▶ **WORK TO BE COMPLETED**: From the entries below, count the lines with "color". Write only the count.

───── RECORDS TO USE ─────

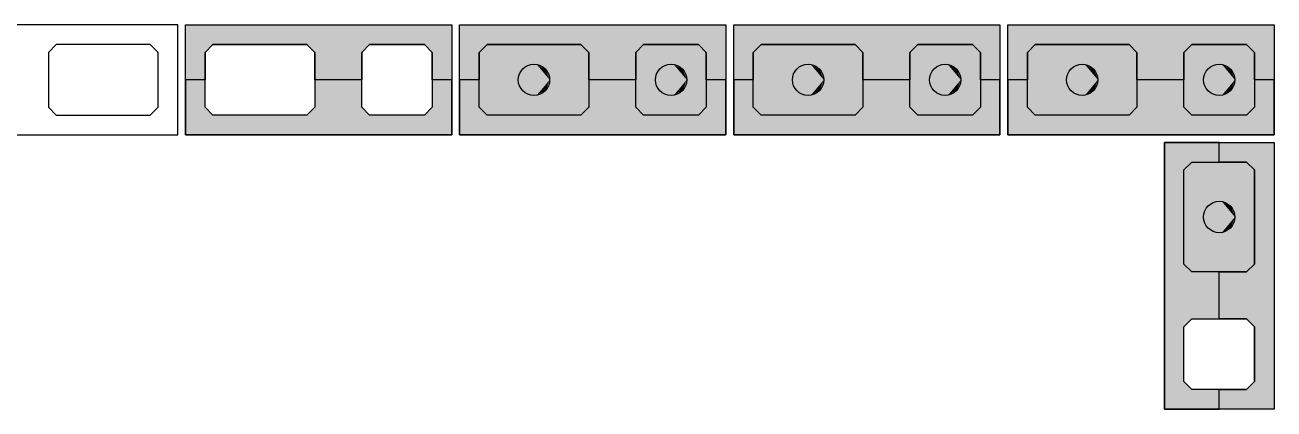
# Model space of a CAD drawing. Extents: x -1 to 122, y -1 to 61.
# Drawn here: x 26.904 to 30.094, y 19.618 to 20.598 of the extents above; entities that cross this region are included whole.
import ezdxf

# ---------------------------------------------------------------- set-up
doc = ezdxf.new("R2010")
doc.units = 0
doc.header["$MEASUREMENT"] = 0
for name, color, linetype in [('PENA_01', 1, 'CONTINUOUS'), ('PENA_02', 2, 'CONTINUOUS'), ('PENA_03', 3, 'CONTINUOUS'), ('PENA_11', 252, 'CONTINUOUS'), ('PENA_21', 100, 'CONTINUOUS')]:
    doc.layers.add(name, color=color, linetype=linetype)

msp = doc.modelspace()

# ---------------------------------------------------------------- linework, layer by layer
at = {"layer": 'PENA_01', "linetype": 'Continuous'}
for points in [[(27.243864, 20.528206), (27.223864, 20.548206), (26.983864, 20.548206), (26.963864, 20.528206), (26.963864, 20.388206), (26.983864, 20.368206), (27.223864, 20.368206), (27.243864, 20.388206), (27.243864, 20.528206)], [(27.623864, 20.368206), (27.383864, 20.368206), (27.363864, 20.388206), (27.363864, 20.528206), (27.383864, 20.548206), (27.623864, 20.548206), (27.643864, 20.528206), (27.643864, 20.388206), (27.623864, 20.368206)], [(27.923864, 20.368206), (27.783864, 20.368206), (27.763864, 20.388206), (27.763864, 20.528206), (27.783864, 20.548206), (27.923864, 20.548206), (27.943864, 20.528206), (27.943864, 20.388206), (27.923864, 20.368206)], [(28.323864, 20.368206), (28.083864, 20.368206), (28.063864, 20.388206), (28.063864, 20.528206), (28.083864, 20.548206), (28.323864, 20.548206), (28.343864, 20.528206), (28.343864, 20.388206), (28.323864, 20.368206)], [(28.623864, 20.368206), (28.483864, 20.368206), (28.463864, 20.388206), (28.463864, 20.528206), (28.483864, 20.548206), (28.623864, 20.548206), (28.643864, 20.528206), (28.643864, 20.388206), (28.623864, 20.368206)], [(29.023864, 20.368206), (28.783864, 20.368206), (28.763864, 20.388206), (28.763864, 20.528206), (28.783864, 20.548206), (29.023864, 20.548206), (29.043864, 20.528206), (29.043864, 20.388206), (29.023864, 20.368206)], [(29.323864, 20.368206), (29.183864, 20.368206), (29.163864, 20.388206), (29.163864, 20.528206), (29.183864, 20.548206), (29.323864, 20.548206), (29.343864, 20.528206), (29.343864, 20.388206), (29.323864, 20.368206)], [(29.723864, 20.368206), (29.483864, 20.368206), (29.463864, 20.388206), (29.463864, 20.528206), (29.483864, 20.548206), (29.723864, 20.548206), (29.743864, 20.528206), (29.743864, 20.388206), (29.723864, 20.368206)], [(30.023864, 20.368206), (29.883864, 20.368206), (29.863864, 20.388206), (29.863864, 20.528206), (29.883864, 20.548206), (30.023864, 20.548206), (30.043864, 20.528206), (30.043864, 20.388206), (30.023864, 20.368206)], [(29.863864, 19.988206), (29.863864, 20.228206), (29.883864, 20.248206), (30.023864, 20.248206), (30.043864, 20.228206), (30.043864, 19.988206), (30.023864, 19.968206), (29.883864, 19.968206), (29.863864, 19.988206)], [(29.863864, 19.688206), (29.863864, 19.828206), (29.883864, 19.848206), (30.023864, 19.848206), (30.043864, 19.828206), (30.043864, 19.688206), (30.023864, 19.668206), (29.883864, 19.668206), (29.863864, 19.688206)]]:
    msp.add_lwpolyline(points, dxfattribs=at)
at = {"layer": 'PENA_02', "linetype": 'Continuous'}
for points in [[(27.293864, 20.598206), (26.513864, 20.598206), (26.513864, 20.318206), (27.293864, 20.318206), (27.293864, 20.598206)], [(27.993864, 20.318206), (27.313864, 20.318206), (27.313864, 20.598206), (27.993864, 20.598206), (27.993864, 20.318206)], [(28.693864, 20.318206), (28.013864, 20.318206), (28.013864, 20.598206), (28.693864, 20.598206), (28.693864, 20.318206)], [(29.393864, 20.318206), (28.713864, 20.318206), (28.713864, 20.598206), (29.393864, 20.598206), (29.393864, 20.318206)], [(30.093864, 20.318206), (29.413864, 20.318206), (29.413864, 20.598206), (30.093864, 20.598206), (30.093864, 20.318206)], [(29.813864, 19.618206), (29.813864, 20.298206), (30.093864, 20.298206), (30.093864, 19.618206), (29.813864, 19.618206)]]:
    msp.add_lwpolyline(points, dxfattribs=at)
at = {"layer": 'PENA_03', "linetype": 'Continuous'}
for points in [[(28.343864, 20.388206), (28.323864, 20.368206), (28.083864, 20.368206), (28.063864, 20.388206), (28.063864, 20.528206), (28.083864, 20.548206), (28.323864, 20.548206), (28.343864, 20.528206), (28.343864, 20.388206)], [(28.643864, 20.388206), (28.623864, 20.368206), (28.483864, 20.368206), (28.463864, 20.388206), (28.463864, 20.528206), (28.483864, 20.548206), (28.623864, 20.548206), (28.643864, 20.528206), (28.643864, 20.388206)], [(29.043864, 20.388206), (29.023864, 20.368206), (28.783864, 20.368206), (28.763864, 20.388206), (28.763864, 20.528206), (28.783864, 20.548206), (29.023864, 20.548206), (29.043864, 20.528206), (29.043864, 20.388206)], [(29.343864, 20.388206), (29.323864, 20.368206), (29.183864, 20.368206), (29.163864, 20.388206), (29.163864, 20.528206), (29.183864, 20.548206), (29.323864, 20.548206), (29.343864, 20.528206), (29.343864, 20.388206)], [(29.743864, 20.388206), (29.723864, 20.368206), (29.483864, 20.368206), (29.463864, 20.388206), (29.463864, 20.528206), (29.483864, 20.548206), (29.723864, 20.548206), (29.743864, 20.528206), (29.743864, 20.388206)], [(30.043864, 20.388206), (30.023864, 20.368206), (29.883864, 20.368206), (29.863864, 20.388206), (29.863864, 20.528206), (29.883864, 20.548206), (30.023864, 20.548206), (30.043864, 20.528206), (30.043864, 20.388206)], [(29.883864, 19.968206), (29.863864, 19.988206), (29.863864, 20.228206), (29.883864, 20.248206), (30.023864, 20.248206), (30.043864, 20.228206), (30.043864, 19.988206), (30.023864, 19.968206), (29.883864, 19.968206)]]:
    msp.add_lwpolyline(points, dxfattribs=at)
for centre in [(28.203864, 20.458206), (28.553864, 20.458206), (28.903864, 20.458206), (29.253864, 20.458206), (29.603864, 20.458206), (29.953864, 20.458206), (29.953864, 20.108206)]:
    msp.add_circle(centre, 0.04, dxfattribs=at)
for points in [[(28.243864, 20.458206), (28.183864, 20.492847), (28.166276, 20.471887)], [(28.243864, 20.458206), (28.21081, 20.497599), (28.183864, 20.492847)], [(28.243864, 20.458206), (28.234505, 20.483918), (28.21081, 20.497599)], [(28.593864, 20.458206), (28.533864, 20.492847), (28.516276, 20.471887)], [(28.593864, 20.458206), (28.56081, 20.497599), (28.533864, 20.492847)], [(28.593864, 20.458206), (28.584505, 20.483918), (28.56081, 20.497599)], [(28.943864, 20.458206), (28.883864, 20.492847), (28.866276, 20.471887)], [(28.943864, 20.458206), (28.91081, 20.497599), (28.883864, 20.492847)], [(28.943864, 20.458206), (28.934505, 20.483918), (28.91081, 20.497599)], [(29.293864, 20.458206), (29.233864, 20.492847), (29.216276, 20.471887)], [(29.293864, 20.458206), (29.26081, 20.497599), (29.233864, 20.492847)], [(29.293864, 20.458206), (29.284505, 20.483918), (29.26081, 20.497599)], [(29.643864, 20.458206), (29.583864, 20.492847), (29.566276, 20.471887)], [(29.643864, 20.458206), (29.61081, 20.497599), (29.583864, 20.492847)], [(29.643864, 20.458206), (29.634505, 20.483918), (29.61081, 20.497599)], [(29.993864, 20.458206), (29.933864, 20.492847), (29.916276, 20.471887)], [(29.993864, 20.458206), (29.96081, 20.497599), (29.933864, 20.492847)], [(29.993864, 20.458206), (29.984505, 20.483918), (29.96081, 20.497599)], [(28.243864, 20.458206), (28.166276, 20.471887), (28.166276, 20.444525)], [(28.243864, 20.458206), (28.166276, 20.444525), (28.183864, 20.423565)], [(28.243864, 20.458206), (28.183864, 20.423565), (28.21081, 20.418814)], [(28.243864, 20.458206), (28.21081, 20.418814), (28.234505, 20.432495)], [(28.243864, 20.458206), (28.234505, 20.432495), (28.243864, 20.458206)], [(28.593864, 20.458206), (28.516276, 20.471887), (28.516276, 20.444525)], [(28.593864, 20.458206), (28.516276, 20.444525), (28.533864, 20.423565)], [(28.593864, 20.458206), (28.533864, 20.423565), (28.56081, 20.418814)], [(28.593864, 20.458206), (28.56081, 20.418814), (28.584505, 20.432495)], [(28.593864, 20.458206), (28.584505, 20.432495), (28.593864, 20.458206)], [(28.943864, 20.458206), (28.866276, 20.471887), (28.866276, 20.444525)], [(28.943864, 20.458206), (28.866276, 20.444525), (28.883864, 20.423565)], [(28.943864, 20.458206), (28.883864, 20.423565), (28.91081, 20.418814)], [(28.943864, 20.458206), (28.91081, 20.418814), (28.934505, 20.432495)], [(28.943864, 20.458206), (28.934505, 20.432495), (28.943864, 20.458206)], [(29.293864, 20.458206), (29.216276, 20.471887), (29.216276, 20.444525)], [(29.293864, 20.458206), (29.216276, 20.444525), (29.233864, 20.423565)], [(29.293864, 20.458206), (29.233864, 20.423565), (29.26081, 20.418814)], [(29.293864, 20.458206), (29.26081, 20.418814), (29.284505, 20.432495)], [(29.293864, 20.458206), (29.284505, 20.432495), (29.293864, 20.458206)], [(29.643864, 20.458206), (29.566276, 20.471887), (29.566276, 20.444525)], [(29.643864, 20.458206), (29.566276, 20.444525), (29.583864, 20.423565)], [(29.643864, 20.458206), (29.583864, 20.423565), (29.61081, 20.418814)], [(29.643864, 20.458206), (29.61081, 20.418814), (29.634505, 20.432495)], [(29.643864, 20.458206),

─────

▶ **OUTPUT BELOW**: 2